I smiled at him. I picked up my knife and fork and put them down again. I moved my dinner napkin back and forth across my legs. I imagined lots of guys probably wouldn’t mind punching that big old nose of his, given half a chance. Gran smiled at me with her tree bark face and handed me a dish of sticky cheese casserole. I grabbed a big spoon and dropped a large clump onto my plate. We finished eating in silence, which didn’t seem to bother anybody too much. Nobody in my family goes in much for palavering.
In the silence, my winker peeps got stuck on this brown cabinet on the wall. My Gran had arranged all these glass figures she collected from the old-timey days on the shelves: a boy walking a dog, a violet lady in a fancy dress, a guy with a wheelbarrow filled with flowers, a dressed-up guy with curly hair playing a funny-looking guitar for his girlfriend. I liked looking at them. They made you start thinking to yourself, “What kind of song could that guy play on that thing?” or “Where the hell is that guy pushing a wheelbarrow?”
Grandpa Earl stood up from the table and went over to sit in a chair by the window, next to a side table with an old radio on it. He turned the radio on, adjusting the dial until we heard Dick Irvin announcing the game on Hockey Night in Canada. The Flyers were playing the Montreal Canadiens at the Spectrum in Philadelphia. It damn well sounded like the Canadiens were going to win another Stanley Cup.
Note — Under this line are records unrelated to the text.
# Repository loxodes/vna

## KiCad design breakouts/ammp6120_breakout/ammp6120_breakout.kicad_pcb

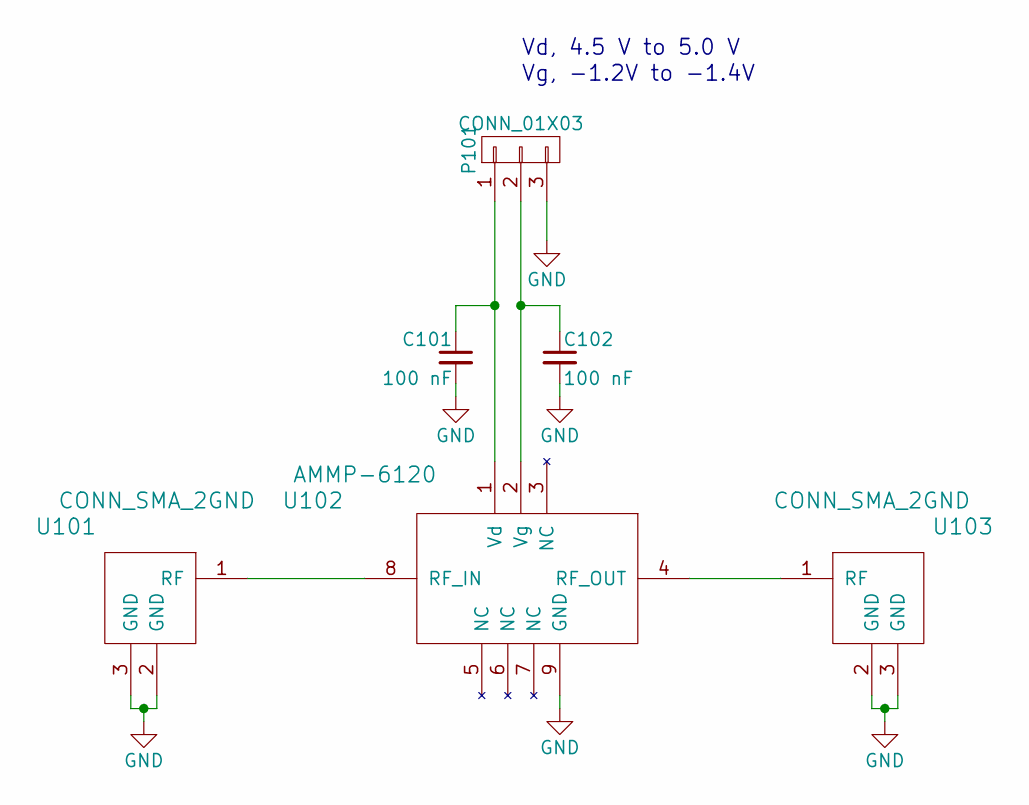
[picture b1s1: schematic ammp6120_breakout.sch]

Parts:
C101, C102: 100 nF; C_0402
P101: CONN_01X03; Pin_Header_Straight_1x03
U101, U103: CONN_SMA_2GND; SMA_CPW_1MM_.2MM
U102: AMMP-6120; 8QFN_5mm

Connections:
GND: C101.2, C102.2, P101.3, U101.2 (GND), U101.3 (GND), U102.9 (GND), U103.2 (GND), U103.3 (GND)
unnamed: C101.1, P101.1, U102.1 (Vd)
unnamed: C102.1, P101.2, U102.2 (Vg)
unnamed: U101.1 (RF), U102.8 (RF_IN)
unnamed: U102.4 (RF_OUT), U103.1 (RF)

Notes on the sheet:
Vg, -1.2V to -1.4V
Vd, 4.5 V to 5.0 V

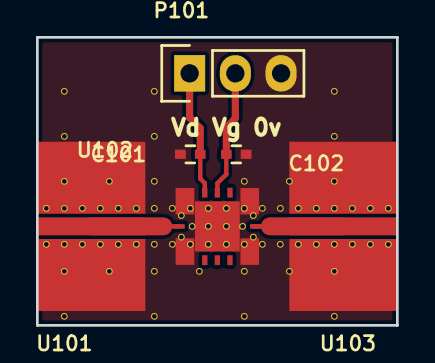
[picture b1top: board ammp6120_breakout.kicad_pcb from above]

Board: 4 copper layers, 20.0 x 16.0 mm, 6 parts (0 on the bottom side), 5 nets.

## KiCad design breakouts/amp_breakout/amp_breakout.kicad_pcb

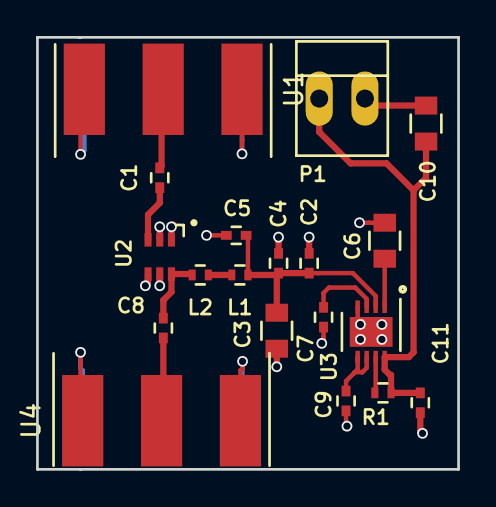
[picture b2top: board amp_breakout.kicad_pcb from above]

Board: 4 copper layers, 23.4 x 24.0 mm, 19 parts (0 on the bottom side), 12 nets.

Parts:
C1, C5, C8, C11: 1 nF; C_0402
C2: 100 pF; C_0402
C3, C6, C10: 10 uF; C_0805
C4, C7, C9: 1 uF; C_0402
L1: 56 nH; R_0402
L2: 6 nH; R_0402
P1: CONN_01X02; PINHEAD1-2
R1: 0; R_0402
U1, U4: CONN_SMA; 732511150_sma
U2: MGA-82563; SC-70-6
U3: ADM7150; DFN-8-1EP_3x3mm_Pitch0.5mm

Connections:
GND: C2.1, C3.1, C4.1, C5.1, C6.1, C7.1, C9.1, C10.1, C11.1, P1.2, U1.2, U1.3, U1.4, U1.5, U2.1, U2.2, U2.4, U2.5, U3.4, U3.9, U4.2, U4.3, U4.4, U4.5
unnamed: C1.1, U2.3
unnamed: C1.2, U1.1
unnamed: C2.2, C3.2, C4.2, C5.2, L1.1, U3.2
unnamed: C6.2, U3.1
unnamed: C7.2, U3.3
unnamed: C8.1, U4.1
unnamed: C8.2, L2.2, U2.6
unnamed: C9.2, U3.5, U3.6
unnamed: C10.2, C11.2, P1.1, R1.1, U3.8
unnamed: L1.2, L2.1
unnamed: R1.2, U3.7

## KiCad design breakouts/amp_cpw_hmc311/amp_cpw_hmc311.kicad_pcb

Well, with the “blond demon” Lafleur and that “thieving giraffe” Dryden in goal, how could they screw up? Grandpa Earl sat in his chair and I laid myself out on the floor in front of him. Every time Montreal scored, he closed his eyes, grimaced, and let out a whistle. He was so mad at the end of the game, he stormed off into his bedroom, shut the door, and wouldn’t come out again.
Later that night, as I lay in bed in the spare room that smelled funny—like a hospital room or a dentist’s office—I was still goddamn hungry. I didn’t want to get up and go into the kitchen because they’d hear me and come on out and make a big deal out of it. I stared up at the ceiling and imagined all the stuff I could eat, like a giant bowl of Count Chocula, or some Hostess Ding Dongs, or maybe some Peanut Butter Ho Ho’s just sitting there in the dark, all alone, behind the closed doors of the kitchen cabinets.
I closed my eyes and imagined what it would feel like if beavers and wolves and bears were running over my skin and fish were swimming in my veins. After that, I fell asleep in the dark.